Task item:
Could you find each line of the data below that contains the word "Reference" and copy those lines?

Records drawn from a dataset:
"""

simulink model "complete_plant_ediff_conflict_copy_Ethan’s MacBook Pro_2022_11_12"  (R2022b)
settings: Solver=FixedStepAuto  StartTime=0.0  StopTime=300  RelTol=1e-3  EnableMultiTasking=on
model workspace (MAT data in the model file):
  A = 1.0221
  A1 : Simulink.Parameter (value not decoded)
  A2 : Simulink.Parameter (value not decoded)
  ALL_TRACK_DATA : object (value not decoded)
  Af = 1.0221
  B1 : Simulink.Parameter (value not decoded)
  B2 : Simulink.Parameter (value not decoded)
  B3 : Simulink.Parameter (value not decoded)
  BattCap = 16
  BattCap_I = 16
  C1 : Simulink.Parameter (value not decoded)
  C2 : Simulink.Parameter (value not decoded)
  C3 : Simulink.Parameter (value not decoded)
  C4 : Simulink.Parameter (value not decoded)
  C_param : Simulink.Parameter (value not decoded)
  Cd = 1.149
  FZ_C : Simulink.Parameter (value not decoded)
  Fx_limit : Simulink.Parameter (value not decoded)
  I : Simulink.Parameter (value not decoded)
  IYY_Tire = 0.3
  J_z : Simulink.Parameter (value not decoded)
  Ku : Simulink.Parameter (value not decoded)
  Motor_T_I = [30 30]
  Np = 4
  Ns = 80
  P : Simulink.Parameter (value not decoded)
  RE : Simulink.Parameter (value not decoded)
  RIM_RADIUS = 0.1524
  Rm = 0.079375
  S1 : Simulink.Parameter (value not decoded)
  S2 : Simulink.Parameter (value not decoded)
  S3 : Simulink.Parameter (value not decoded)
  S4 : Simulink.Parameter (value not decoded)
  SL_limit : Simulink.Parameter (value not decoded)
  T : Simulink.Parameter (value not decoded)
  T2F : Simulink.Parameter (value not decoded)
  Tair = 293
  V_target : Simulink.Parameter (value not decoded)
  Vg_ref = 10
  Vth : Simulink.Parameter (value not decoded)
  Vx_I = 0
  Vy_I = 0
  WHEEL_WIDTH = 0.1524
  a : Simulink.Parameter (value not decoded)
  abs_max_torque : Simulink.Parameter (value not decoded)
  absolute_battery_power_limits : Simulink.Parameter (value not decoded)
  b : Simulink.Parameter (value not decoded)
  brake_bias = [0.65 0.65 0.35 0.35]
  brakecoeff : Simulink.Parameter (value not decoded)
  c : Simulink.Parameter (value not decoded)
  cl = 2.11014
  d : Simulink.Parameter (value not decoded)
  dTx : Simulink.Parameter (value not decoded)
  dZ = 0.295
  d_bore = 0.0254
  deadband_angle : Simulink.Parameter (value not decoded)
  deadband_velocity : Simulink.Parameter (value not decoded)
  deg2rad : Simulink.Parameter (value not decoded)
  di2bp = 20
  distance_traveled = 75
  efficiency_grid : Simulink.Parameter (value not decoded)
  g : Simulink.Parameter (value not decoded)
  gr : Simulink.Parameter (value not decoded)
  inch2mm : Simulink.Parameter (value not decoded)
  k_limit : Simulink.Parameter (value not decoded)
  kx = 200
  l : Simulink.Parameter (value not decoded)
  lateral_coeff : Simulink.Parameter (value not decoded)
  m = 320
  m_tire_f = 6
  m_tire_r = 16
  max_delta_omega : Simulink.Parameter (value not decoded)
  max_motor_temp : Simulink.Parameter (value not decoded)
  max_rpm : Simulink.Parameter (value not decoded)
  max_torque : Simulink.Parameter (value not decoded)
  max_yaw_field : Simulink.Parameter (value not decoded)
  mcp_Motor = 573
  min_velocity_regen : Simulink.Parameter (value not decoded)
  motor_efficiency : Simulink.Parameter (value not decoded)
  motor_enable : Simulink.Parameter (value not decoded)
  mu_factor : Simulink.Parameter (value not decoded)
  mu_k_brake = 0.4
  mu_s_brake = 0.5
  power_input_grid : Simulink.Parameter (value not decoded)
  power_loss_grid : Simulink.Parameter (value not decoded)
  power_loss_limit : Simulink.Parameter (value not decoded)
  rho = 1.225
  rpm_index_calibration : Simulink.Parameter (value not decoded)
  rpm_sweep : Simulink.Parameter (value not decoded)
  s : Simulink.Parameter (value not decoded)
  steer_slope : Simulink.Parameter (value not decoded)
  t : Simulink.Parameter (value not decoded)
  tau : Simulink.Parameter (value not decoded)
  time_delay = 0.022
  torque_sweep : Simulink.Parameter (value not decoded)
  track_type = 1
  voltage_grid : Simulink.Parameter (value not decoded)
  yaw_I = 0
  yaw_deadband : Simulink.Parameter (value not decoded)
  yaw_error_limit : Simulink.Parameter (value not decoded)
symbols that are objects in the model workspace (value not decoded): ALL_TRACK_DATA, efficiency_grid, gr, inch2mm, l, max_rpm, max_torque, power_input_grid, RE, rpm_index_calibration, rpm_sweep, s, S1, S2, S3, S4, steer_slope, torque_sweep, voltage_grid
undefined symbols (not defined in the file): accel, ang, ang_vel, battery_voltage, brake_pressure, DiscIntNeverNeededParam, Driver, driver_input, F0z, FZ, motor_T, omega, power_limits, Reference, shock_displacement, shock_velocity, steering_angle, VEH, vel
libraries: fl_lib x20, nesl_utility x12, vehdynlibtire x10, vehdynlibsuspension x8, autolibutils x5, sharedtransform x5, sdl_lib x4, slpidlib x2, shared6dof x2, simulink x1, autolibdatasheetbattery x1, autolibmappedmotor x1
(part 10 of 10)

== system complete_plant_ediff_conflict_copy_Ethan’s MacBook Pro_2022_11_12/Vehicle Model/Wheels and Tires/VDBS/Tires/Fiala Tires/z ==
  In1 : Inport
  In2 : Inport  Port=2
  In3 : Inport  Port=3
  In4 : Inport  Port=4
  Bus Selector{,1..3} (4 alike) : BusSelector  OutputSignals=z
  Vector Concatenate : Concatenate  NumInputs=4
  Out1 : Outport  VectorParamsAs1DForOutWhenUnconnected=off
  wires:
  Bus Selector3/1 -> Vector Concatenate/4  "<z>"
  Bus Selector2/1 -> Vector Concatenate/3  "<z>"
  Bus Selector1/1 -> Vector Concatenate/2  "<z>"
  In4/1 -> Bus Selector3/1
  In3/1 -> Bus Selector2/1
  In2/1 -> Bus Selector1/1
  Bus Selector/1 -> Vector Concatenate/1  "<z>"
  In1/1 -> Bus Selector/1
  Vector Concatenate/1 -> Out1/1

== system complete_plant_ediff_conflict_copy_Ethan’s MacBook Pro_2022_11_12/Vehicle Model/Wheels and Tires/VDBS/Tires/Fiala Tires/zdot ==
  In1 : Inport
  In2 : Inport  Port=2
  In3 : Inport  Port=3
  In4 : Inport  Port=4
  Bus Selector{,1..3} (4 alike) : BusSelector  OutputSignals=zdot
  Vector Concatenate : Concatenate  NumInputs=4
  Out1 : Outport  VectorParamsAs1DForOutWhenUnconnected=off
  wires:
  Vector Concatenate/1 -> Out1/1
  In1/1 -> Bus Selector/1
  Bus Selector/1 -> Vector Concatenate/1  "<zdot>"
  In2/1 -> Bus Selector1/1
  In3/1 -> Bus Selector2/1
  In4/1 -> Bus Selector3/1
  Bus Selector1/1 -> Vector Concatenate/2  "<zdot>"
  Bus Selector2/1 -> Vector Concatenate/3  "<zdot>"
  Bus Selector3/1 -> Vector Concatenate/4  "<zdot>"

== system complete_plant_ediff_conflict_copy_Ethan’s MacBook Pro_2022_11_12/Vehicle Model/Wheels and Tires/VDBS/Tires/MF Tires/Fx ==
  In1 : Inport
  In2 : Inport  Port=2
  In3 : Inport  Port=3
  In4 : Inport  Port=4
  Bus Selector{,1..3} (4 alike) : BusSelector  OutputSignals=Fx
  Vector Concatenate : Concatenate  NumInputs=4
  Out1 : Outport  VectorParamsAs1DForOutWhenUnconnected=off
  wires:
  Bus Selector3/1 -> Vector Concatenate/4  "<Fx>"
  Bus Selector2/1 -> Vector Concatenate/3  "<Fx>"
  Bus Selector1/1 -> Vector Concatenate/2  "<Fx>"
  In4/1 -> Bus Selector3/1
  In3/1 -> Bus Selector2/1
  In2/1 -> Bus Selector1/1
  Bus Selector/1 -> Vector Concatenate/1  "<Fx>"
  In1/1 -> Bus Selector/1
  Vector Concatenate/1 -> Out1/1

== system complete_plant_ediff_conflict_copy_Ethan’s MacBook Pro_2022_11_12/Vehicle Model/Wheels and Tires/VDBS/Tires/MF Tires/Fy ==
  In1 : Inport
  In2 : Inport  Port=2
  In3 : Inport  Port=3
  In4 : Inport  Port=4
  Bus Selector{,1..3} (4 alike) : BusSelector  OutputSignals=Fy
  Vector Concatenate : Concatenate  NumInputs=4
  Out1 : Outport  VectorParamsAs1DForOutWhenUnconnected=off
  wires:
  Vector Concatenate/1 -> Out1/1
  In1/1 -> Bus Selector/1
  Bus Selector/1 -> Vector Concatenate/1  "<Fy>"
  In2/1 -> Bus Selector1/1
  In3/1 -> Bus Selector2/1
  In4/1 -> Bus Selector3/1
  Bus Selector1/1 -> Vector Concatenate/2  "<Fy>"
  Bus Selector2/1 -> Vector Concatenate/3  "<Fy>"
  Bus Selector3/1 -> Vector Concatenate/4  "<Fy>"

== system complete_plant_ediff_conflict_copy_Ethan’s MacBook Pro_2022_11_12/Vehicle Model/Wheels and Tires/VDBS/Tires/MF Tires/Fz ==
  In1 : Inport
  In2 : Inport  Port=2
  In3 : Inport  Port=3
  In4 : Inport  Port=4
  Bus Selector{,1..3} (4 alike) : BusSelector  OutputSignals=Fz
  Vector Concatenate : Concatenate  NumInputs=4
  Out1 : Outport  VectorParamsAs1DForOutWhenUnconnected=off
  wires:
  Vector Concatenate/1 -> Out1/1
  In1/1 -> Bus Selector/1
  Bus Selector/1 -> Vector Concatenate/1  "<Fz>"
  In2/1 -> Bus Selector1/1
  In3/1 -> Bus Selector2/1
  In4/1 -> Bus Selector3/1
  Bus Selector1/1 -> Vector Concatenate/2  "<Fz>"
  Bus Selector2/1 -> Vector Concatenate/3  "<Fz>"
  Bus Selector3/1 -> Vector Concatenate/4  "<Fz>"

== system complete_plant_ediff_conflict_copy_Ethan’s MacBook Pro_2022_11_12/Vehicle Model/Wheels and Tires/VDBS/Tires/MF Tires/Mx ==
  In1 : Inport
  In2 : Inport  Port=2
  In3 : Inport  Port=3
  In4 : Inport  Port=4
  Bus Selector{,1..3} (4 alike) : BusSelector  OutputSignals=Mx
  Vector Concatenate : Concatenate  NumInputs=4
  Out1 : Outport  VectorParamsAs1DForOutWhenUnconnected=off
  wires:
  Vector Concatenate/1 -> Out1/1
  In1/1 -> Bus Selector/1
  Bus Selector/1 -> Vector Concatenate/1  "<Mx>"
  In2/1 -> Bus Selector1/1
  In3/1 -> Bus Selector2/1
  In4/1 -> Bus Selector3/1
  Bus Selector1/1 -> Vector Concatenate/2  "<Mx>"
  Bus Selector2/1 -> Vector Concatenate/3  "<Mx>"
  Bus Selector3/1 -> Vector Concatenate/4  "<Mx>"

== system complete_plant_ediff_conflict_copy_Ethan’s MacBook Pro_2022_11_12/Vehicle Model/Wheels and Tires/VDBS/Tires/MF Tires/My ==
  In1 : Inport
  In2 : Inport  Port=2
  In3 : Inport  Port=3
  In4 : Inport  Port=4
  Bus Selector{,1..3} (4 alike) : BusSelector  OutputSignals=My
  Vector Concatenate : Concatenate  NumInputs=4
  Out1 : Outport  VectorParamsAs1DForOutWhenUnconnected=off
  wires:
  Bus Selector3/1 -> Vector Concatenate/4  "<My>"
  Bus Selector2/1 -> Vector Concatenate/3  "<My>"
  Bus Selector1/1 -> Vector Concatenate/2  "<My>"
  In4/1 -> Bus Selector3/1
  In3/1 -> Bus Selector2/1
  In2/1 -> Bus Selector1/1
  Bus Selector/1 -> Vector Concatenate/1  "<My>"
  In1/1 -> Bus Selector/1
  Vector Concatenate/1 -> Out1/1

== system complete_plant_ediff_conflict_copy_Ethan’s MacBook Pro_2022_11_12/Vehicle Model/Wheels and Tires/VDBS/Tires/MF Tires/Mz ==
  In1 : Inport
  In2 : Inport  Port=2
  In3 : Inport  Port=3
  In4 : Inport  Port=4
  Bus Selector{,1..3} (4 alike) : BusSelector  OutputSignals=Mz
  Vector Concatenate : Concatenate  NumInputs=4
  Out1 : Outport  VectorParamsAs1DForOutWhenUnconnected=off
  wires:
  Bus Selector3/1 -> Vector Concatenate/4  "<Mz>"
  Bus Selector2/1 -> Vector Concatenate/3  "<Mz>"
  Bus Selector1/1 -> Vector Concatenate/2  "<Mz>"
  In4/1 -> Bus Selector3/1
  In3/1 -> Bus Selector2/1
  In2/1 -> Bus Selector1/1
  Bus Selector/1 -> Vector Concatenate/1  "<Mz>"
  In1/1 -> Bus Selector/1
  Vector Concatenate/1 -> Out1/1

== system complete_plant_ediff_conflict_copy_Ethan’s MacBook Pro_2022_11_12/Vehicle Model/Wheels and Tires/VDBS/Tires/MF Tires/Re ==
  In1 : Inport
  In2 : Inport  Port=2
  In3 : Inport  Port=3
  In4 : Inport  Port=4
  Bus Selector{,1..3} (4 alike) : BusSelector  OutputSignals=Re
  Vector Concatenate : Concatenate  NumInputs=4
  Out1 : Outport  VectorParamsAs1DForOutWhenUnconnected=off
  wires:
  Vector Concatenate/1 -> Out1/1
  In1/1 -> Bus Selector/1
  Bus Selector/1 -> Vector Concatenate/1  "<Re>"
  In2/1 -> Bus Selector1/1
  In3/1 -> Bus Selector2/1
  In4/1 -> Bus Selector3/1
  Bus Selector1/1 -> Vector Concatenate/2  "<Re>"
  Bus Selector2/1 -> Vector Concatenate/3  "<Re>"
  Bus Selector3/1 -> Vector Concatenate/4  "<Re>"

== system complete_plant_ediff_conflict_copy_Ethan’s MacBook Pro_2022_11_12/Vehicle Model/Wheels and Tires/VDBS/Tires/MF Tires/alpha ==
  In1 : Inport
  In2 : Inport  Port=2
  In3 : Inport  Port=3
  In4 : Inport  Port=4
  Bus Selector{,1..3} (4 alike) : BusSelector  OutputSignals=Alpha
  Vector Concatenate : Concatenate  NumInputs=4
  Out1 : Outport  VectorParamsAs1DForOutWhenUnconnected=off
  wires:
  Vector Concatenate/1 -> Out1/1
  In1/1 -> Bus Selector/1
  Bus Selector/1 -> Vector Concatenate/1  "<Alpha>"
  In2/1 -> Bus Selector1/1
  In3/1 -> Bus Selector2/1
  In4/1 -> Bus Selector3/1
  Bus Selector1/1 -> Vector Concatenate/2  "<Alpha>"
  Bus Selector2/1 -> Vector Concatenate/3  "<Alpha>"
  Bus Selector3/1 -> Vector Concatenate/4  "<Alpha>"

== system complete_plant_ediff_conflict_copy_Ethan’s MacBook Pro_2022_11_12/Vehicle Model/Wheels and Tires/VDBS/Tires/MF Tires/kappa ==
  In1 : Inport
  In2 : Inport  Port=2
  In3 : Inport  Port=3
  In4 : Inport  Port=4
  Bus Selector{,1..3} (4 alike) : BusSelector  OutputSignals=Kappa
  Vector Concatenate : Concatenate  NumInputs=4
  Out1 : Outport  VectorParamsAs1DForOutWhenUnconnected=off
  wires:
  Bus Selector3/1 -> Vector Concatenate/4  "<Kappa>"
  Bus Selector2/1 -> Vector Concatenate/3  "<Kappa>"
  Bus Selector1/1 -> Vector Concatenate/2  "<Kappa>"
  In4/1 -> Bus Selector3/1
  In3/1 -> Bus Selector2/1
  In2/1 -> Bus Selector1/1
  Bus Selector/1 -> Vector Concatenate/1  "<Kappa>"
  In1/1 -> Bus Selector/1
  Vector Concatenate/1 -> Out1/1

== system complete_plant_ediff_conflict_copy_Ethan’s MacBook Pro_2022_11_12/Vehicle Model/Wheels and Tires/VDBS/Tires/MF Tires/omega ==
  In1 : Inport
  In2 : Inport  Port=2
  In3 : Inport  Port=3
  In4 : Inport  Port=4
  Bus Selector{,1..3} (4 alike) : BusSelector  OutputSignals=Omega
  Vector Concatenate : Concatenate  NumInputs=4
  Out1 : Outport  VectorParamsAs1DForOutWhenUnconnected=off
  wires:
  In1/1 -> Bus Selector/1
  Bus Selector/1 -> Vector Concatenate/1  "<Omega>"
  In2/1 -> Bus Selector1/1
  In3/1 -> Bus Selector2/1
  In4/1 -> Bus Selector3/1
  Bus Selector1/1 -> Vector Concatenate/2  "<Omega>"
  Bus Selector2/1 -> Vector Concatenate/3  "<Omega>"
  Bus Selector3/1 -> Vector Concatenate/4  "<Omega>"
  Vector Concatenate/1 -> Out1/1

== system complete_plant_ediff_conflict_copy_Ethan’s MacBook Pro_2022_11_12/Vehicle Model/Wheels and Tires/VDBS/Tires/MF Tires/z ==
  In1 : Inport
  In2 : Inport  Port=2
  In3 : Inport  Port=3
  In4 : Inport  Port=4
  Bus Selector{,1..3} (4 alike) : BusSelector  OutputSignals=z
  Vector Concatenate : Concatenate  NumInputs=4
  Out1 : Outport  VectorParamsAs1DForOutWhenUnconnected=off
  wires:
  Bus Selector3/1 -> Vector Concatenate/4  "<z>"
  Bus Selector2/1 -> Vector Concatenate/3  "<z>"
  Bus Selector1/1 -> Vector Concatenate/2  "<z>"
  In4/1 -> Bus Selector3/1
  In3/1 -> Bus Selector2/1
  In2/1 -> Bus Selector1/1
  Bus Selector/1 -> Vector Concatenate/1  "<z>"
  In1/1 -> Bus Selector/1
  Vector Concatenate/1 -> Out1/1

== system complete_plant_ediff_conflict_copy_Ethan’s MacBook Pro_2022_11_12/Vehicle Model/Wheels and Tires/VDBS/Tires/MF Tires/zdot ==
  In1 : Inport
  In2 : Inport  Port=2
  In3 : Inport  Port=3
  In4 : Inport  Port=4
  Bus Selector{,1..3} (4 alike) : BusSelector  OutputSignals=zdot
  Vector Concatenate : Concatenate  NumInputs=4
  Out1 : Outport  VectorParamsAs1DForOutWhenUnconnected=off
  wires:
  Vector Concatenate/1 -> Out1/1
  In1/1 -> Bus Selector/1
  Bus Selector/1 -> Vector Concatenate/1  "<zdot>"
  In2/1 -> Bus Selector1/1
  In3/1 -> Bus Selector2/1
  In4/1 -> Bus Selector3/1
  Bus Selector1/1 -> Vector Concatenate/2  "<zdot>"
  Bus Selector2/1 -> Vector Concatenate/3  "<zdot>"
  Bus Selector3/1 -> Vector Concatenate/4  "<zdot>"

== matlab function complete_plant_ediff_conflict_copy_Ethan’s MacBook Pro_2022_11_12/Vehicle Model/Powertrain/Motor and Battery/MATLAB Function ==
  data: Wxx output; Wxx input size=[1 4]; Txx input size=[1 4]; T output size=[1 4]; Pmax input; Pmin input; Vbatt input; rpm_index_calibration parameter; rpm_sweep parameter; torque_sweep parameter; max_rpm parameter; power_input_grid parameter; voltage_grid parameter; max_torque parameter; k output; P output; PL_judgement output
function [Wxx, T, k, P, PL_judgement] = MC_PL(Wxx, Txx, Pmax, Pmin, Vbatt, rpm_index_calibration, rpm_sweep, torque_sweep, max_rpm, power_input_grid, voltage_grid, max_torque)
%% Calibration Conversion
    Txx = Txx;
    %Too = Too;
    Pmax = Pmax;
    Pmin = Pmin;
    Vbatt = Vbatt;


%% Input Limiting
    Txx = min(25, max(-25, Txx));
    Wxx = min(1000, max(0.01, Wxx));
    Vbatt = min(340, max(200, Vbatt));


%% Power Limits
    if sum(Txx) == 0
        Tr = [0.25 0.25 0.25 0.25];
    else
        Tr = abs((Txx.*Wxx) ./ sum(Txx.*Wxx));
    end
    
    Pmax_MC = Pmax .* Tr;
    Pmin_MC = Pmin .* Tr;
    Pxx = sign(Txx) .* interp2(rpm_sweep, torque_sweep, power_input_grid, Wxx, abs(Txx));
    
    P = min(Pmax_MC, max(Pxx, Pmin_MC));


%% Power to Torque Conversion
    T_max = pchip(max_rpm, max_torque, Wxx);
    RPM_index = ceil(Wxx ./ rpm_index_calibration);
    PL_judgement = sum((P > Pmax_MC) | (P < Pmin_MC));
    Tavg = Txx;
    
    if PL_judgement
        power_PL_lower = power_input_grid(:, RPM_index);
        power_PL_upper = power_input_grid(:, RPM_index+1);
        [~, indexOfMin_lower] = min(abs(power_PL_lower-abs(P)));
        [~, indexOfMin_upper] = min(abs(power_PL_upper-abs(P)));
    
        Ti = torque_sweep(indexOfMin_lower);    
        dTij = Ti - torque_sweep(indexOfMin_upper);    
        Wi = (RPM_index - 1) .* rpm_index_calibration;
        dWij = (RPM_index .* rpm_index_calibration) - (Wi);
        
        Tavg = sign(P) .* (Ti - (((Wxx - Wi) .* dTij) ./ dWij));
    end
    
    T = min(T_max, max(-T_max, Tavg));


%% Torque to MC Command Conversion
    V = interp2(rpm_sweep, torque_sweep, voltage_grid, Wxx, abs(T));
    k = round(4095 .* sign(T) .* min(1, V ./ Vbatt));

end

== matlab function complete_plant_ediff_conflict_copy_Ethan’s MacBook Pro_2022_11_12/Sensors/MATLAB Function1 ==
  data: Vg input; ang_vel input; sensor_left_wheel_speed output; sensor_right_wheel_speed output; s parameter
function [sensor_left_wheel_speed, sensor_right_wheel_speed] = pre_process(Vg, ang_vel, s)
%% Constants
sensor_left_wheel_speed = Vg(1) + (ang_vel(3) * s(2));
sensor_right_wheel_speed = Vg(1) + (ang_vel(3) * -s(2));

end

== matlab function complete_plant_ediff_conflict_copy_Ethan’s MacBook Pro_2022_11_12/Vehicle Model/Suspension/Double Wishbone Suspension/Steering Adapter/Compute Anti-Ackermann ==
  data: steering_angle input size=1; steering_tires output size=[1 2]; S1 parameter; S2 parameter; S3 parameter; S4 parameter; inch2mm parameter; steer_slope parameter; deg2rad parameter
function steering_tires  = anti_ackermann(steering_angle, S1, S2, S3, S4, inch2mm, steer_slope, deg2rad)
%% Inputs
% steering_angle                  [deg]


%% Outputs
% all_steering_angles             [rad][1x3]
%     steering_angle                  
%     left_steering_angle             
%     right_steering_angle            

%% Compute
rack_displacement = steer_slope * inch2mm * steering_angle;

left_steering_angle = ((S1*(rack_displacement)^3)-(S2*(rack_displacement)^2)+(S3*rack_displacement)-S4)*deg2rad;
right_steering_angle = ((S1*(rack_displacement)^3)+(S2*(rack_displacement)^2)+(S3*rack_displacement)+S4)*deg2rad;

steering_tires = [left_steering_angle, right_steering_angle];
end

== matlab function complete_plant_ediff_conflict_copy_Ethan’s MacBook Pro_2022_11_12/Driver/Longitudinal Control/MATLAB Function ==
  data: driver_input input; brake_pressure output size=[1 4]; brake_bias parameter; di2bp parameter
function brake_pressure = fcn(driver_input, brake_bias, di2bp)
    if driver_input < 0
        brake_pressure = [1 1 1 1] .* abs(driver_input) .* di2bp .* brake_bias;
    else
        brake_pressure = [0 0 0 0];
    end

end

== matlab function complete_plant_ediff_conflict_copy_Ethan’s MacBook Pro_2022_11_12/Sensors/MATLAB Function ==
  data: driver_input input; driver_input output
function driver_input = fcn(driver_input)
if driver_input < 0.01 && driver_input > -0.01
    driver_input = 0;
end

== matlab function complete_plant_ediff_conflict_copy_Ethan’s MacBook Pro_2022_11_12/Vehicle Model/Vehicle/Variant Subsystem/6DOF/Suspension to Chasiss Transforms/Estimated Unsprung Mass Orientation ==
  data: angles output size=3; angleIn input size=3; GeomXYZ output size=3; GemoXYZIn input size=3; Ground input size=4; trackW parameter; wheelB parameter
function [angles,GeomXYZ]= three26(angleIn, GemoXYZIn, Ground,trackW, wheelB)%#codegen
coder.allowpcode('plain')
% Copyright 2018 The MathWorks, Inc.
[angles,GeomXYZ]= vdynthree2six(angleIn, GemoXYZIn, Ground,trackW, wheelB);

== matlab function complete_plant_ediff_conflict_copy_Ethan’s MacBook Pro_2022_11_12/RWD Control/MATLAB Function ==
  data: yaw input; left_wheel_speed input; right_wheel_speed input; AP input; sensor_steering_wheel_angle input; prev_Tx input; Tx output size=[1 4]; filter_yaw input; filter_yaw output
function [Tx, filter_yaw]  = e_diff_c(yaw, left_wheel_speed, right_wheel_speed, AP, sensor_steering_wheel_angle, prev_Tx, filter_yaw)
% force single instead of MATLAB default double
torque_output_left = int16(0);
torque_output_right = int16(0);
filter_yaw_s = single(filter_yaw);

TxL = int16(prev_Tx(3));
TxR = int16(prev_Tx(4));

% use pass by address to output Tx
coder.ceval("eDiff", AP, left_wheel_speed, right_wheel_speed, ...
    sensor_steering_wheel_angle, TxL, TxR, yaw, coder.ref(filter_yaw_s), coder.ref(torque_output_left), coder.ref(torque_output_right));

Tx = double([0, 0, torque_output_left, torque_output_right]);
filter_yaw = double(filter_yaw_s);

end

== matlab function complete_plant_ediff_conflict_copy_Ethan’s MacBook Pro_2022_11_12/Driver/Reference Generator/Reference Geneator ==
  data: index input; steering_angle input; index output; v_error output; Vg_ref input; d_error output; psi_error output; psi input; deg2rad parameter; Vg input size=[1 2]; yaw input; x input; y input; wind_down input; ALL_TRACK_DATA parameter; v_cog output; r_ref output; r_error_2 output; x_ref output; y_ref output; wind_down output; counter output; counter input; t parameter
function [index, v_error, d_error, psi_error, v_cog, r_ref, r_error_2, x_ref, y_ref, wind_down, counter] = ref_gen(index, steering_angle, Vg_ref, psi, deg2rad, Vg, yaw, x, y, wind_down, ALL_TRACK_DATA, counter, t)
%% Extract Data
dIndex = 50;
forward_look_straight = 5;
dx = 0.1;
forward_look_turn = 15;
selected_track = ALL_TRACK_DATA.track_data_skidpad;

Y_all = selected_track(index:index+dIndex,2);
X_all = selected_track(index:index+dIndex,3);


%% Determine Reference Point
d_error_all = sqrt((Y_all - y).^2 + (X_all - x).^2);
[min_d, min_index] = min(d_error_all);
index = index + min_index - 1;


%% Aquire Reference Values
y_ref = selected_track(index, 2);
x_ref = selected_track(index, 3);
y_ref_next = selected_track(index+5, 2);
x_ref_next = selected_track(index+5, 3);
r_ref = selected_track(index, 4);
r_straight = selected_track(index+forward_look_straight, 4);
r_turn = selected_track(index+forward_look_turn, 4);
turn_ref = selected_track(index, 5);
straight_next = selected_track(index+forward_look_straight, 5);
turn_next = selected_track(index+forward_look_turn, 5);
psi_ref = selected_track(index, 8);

"""

Solution for this exercise:
undefined symbols (not defined in the file): accel, ang, ang_vel, battery_voltage, brake_pressure, DiscIntNeverNeededParam, Driver, driver_input, F0z, FZ, motor_T, omega, power_limits, Reference, shock_displacement, shock_velocity, steering_angle, VEH, vel
== matlab function complete_plant_ediff_conflict_copy_Ethan’s MacBook Pro_2022_11_12/Driver/Reference Generator/Reference Geneator ==
%% Determine Reference Point
%% Aquire Reference Values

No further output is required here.